■ Work instruction
Only some lines are wanted. Transcribe, exactly, the lines below from the line with "each defined once" up to and including the line with "dxfattribs=at).set_placement((0, 0), align=Align.MIDDLE_CENTER)".

(Saved data entries)

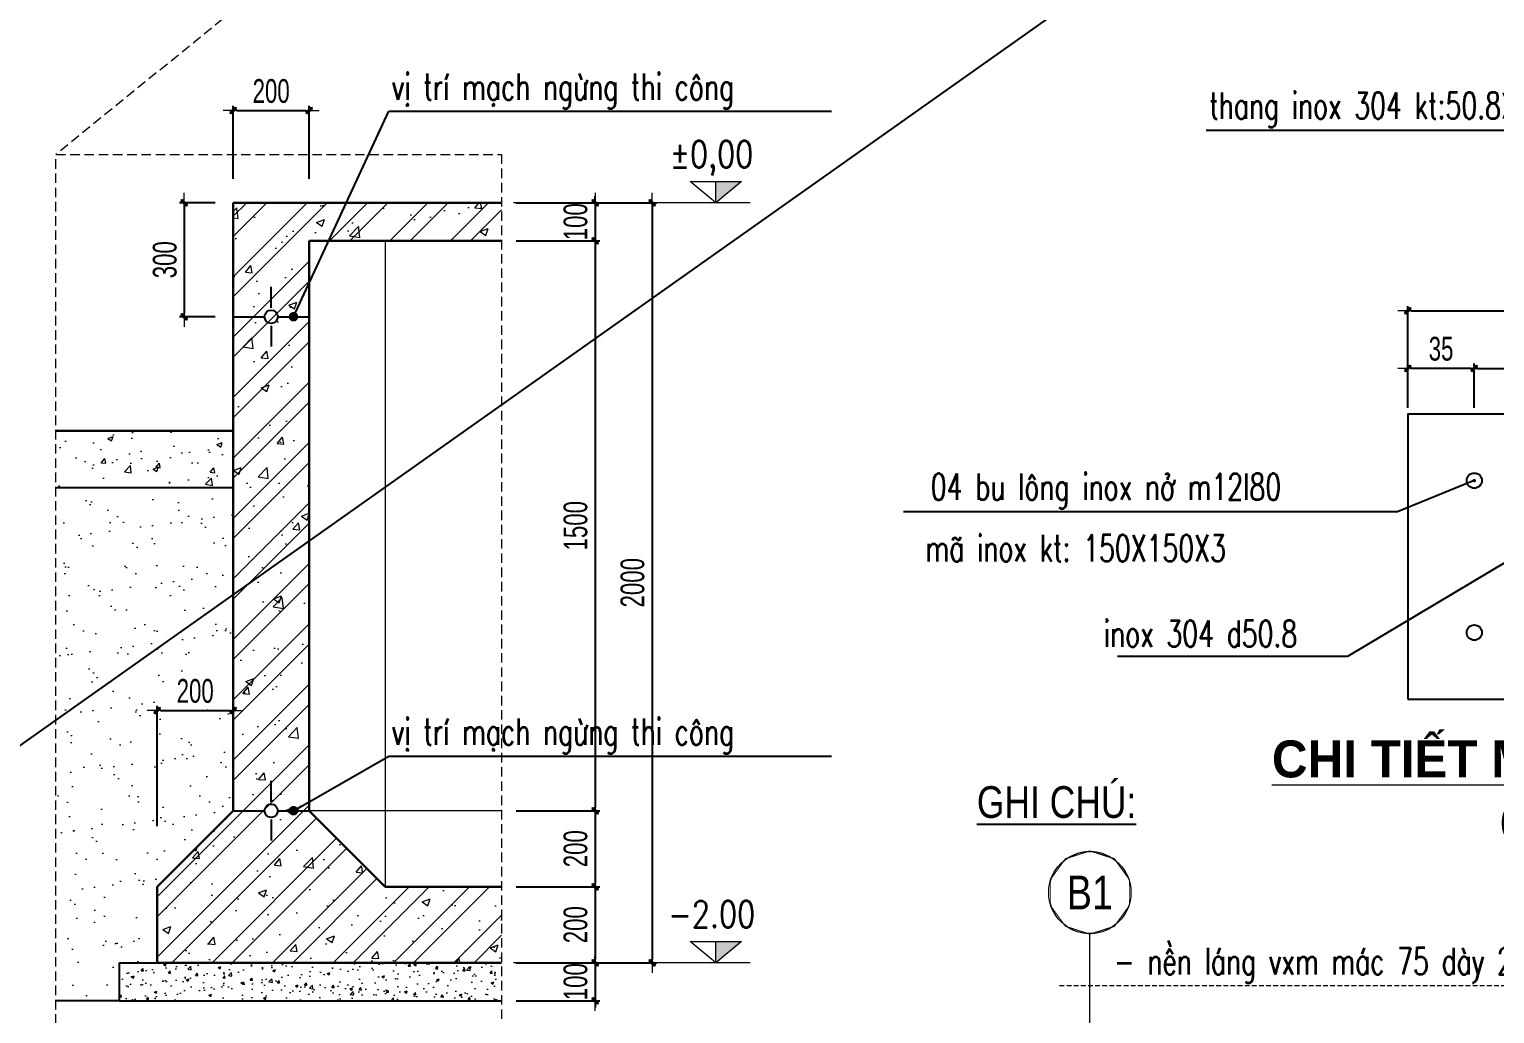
# Model space of a CAD drawing. Header units: millimetres. Extents: x -85362 to 12792, y -54701 to -36522.
# Drawn here: x -52130 to -44415, y -47520 to -42339 of the extents above; entities that cross this region are included whole.
import ezdxf
from ezdxf.enums import TextEntityAlignment as Align

# ---------------------------------------------------------------- set-up
doc = ezdxf.new("R2010")
doc.units = ezdxf.units.MM
doc.header["$MEASUREMENT"] = 0
doc.header["$PDMODE"] = 32
for name, pattern in [('CENTERX2', [4, 2.5, -0.5, 0.5, -0.5]), ('DASHDOT', [1, 0.5, -0.25, 0, -0.25]), ('HIDDEN', [0.375, 0.25, -0.125])]:
    doc.linetypes.add(name, pattern=pattern)
doc.layers.get('Defpoints').update_dxf_attribs({"color": 1})
for name, color, linetype, lineweight in [('EG Text2', 7, 'Continuous', 20), ('ISO', 153, 'Continuous', 13), ('LC Dim', 8, 'Continuous', 18), ('LC Hatch', 252, 'Continuous', 9), ('LC ISO', 153, 'Continuous', 13), ('LC MANH DUT', 35, 'HIDDEN', 5), ('LC Net dam 1', 30, 'Continuous', 30), ('LC Net manh', 239, 'Continuous', 5), ('LC Net thay', 7, 'Continuous', 25), ('LC Net truc', 79, 'DASHDOT', 13), ('LC Text1', 3, 'Continuous', 20), ('LC Text2', 7, 'Continuous', 25), ('TEXT2', 7, 'Continuous', 18)]:
    doc.layers.add(name, color=color, linetype=linetype, lineweight=lineweight)
doc.layers.add('KCS_Plotter', color=11, linetype='Continuous', plot=False)
doc.styles.add('EG 1', font='')
doc.styles.add('EG Hai', font='')
doc.styles.add('General text 2', font='arial.ttf')
doc.styles.add('HOATBIF', font='hoatbif.shx', dxfattribs={"width": 0.7})
doc.styles.add('LC 1', font='')
doc.styles.add('LC 3', font='vnsimli.shx', dxfattribs={"width": 0.75})
doc.styles.add('T1', font='Vnsimli.shx', dxfattribs={"width": 0.8})
doc.styles.add('T2', font='', dxfattribs={"width": 0.8})
doc.styles.get('EG 1').set_extended_font_data('.VnAvantH', bold=True)
doc.styles.get('EG Hai').set_extended_font_data('.VnAvantH', bold=True)
doc.styles.get('LC 1').set_extended_font_data('.VnAvantH', bold=True)
doc.styles.get('T2').set_extended_font_data('.VnArialH')
doc.dimstyles.new('1-100', dxfattribs={"dimscale": 300, "dimtxt": 1.2, "dimasz": 0.25, "dimexe": 0.5, "dimexo": 0, "dimgap": 0.3, "dimtad": 1, "dimdec": 0, "dimzin": 0, "dimdsep": 46, "dimtxsty": 'HOATBIF', "dimblk1": 'DOT', "dimblk2": 'DOT', "dimsah": 1, "dimcen": -1, "dimdle": 1, "dimclrd": 256, "dimclre": 256, "dimclrt": 4, "dimadec": 3, "dimazin": 2, "dimtfac": 0.333333, "dimtdec": 0, "dimtix": 1, "dimtmove": 2, "dimatfit": 3, "dimldrblk": 'DOT', "dimfxl": 1, "dimtvp": 0.833333, "dimtolj": 1, "dimtzin": 0, "dimarcsym": 0})
doc.dimstyles.new('MONG', dxfattribs={"dimscale": 50, "dimtxt": 2.5, "dimasz": 0.35, "dimexe": 0.5, "dimexo": 0, "dimgap": 0.8, "dimtad": 1, "dimdec": 0, "dimzin": 0, "dimdsep": 46, "dimtxsty": 'HOATBIF', "dimblk1": 'DOT', "dimblk2": 'DOT', "dimsah": 1, "dimcen": -1, "dimdle": 1, "dimclrd": 256, "dimclre": 256, "dimclrt": 4, "dimadec": 3, "dimazin": 2, "dimtfac": 0.333333, "dimtdec": 0, "dimtix": 1, "dimtmove": 2, "dimatfit": 3, "dimldrblk": 'DOT', "dimfxl": 1, "dimtvp": 0.833333, "dimtolj": 1, "dimtzin": 0, "dimarcsym": 0})

# ---------------------------------------------------------------- blocks, each defined once
blk = doc.blocks.new('*U6')
at = {"layer": 'Defpoints'}
blk.add_lwpolyline([(0, 4.25), (-2.5, 3.44), (-4.04, 1.31), (-4.04, -1.31), (-2.5, -3.44), (0, -4.25), (2.5, -3.44), (4.04, -1.31), (4.04, 1.31), (2.5, 3.44)], close=True, dxfattribs=at)
at = {"layer": 'LC Text1', "style": 'General text 2', "width": 0.8, "flags": 8}
blk.add_attdef('SYMBOL', text='', height=3.5, dxfattribs=at).set_placement((0, 0), align=Align.MIDDLE_CENTER)
blk.add_wipeout([(0, 4.25), (-2.5, 3.44), (-4.04, 1.31), (-4.04, -1.31), (-2.5, -3.44), (0, -4.25), (2.5, -3.44), (4.04, -1.31), (4.04, 1.31), (2.5, 3.44)]).dxf.layer = 'Defpoints'
at = {"layer": 'LC ISO'}
blk.add_circle((0, 0), 4.25, dxfattribs=at)
blk = doc.blocks.new('DOT')
at = {"layer": 'LC Dim'}
blk.add_line((-3, 0), (3, 0), dxfattribs=at)
at = {"layer": 'LC Dim', "color": 4}
blk.add_line((-1, -1), (1, 1), dxfattribs=at)
blk.add_lwpolyline([(0.5, 1), (-1, -0.5), (-0.5, -1), (1, 0.5)], close=True, dxfattribs=at)
blk = doc.blocks.new('*D65')
at = {"layer": 'Defpoints', "color": 0, "ltscale": 2, "transparency": 16777216}
for p in [(-49566.4, -43252), (-49566.4, -43452), (-49151.3, -43452)]:
    blk.add_point(p, dxfattribs=at)
at = {"layer": 'LC Dim', "lineweight": -2, "ltscale": 2, "transparency": 16777216}
for p, q in [((-49566.4, -43252), (-49126.3, -43252)), ((-49151.3, -43234.5), (-49151.3, -43217)), ((-49151.3, -43252), (-49151.3, -43452)), ((-49566.4, -43452), (-49126.3, -43452)), ((-49151.3, -43469.5), (-49151.3, -43487))]:
    blk.add_line(p, q, dxfattribs=at)
at = {"layer": 'LC Dim', "lineweight": -2, "ltscale": 2, "transparency": 16777216, "xscale": 17.5, "yscale": 17.5, "zscale": 17.5}
for p, rotation in [((-49151.3, -43252), 270), ((-49151.3, -43452), 90)]:
    blk.add_blockref('DOT', p, dxfattribs=dict(at, rotation=rotation))
at = {"layer": 'LC Dim', "color": 4, "ltscale": 2, "transparency": 16777216, "insert": (-49253.8, -43352), "char_height": 125, "attachment_point": 5, "rotation": 90, "style": 'HOATBIF'}
blk.add_mtext('\\A1;100', dxfattribs=at)
blk = doc.blocks.new('*D66')
at = {"layer": 'Defpoints', "color": 0, "ltscale": 2, "transparency": 16777216}
for p in [(-49566.4, -43452), (-49566.4, -46452), (-49151.3, -46452)]:
    blk.add_point(p, dxfattribs=at)
at = {"layer": 'LC Dim', "lineweight": -2, "ltscale": 2, "transparency": 16777216}
for p, q in [((-49566.4, -43452), (-49126.3, -43452)), ((-49151.3, -43469.5), (-49151.3, -46434.5)), ((-49566.4, -46452), (-49126.3, -46452))]:
    blk.add_line(p, q, dxfattribs=at)
at = {"layer": 'LC Dim', "lineweight": -2, "ltscale": 2, "transparency": 16777216, "xscale": 17.5, "yscale": 17.5, "zscale": 17.5}
for p, rotation in [((-49151.3, -43452), 90), ((-49151.3, -46452), 270)]:
    blk.add_blockref('DOT', p, dxfattribs=dict(at, rotation=rotation))
at = {"layer": 'LC Dim', "color": 4, "ltscale": 2, "transparency": 16777216, "insert": (-49253.8, -44952), "char_height": 125, "attachment_point": 5, "rotation": 90, "style": 'HOATBIF'}
blk.add_mtext('\\A1;1500', dxfattribs=at)
blk = doc.blocks.new('*D67')
at = {"layer": 'Defpoints', "color": 0, "ltscale": 2, "transparency": 16777216}
for p in [(-49566.4, -46452), (-49566.4, -46852), (-49151.3, -46852)]:
    blk.add_point(p, dxfattribs=at)
at = {"layer": 'LC Dim', "lineweight": -2, "ltscale": 2, "transparency": 16777216}
for p, q in [((-49566.4, -46452), (-49126.3, -46452)), ((-49151.3, -46469.5), (-49151.3, -46834.5)), ((-49566.4, -46852), (-49126.3, -46852))]:
    blk.add_line(p, q, dxfattribs=at)
at = {"layer": 'LC Dim', "lineweight": -2, "ltscale": 2, "transparency": 16777216, "xscale": 17.5, "yscale": 17.5, "zscale": 17.5}
for p, rotation in [((-49151.3, -46452), 90), ((-49151.3, -46852), 270)]:
    blk.add_blockref('DOT', p, dxfattribs=dict(at, rotation=rotation))
at = {"layer": 'LC Dim', "color": 4, "ltscale": 2, "transparency": 16777216, "insert": (-49253.8, -46652), "char_height": 125, "attachment_point": 5, "rotation": 90, "style": 'HOATBIF'}
blk.add_mtext('\\A1;200', dxfattribs=at)
blk = doc.blocks.new('*D55')
at = {"layer": 'Defpoints', "color": 0, "ltscale": 2, "transparency": 16777216}
for p in [(-49566.4, -46852), (-49566.4, -47252), (-49151.3, -47252)]:
    blk.add_point(p, dxfattribs=at)
at = {"layer": 'LC Dim', "lineweight": -2, "ltscale": 2, "transparency": 16777216}
for p, q in [((-49566.4, -46852), (-49126.3, -46852)), ((-49151.3, -46869.5), (-49151.3, -47234.5)), ((-49566.4, -47252), (-49126.3, -47252))]:
    blk.add_line(p, q, dxfattribs=at)
at = {"layer": 'LC Dim', "lineweight": -2, "ltscale": 2, "transparency": 16777216, "xscale": 17.5, "yscale": 17.5, "zscale": 17.5}
for p, rotation in [((-49151.3, -46852), 90), ((-49151.3, -47252), 270)]:
    blk.add_blockref('DOT', p, dxfattribs=dict(at, rotation=rotation))
at = {"layer": 'LC Dim', "color": 4, "ltscale": 2, "transparency": 16777216, "insert": (-49253.8, -47052), "char_height": 125, "attachment_point": 5, "rotation": 90, "style": 'HOATBIF'}
blk.add_mtext('\\A1;200', dxfattribs=at)
blk = doc.blocks.new('*D56')
at = {"layer": 'Defpoints', "color": 0, "ltscale": 2, "transparency": 16777216}
for p in [(-49566.4, -47252), (-49566.4, -47452), (-49151.3, -47452)]:
    blk.add_point(p, dxfattribs=at)
at = {"layer": 'LC Dim', "lineweight": -2, "ltscale": 2, "transparency": 16777216}
for p, q in [((-49151.3, -47234.5), (-49151.3, -47217)), ((-49566.4, -47252), (-49126.3, -47252)), ((-49151.3, -47252), (-49151.3, -47452)), ((-49566.4, -47452), (-49126.3, -47452)), ((-49151.3, -47469.5), (-49151.3, -47487))]:
    blk.add_line(p, q, dxfattribs=at)
at = {"layer": 'LC Dim', "lineweight": -2, "ltscale": 2, "transparency": 16777216, "xscale": 17.5, "yscale": 17.5, "zscale": 17.5}
for p, rotation in [((-49151.3, -47252), 270), ((-49151.3, -47452), 90)]:
    blk.add_blockref('DOT', p, dxfattribs=dict(at, rotation=rotation))
at = {"layer": 'LC Dim', "color": 4, "ltscale": 2, "transparency": 16777216, "insert": (-49253.8, -47352), "char_height": 125, "attachment_point": 5, "rotation": 90, "style": 'HOATBIF'}
blk.add_mtext('\\A1;100', dxfattribs=at)
blk = doc.blocks.new('*D57')
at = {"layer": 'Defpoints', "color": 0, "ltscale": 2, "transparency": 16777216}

■ The completed task
# ---------------------------------------------------------------- blocks, each defined once
blk = doc.blocks.new('*U6')
at = {"layer": 'Defpoints'}
blk.add_lwpolyline([(0, 4.25), (-2.5, 3.44), (-4.04, 1.31), (-4.04, -1.31), (-2.5, -3.44), (0, -4.25), (2.5, -3.44), (4.04, -1.31), (4.04, 1.31), (2.5, 3.44)], close=True, dxfattribs=at)
at = {"layer": 'LC Text1', "style": 'General text 2', "width": 0.8, "flags": 8}
blk.add_attdef('SYMBOL', text='', height=3.5, dxfattribs=at).set_placement((0, 0), align=Align.MIDDLE_CENTER)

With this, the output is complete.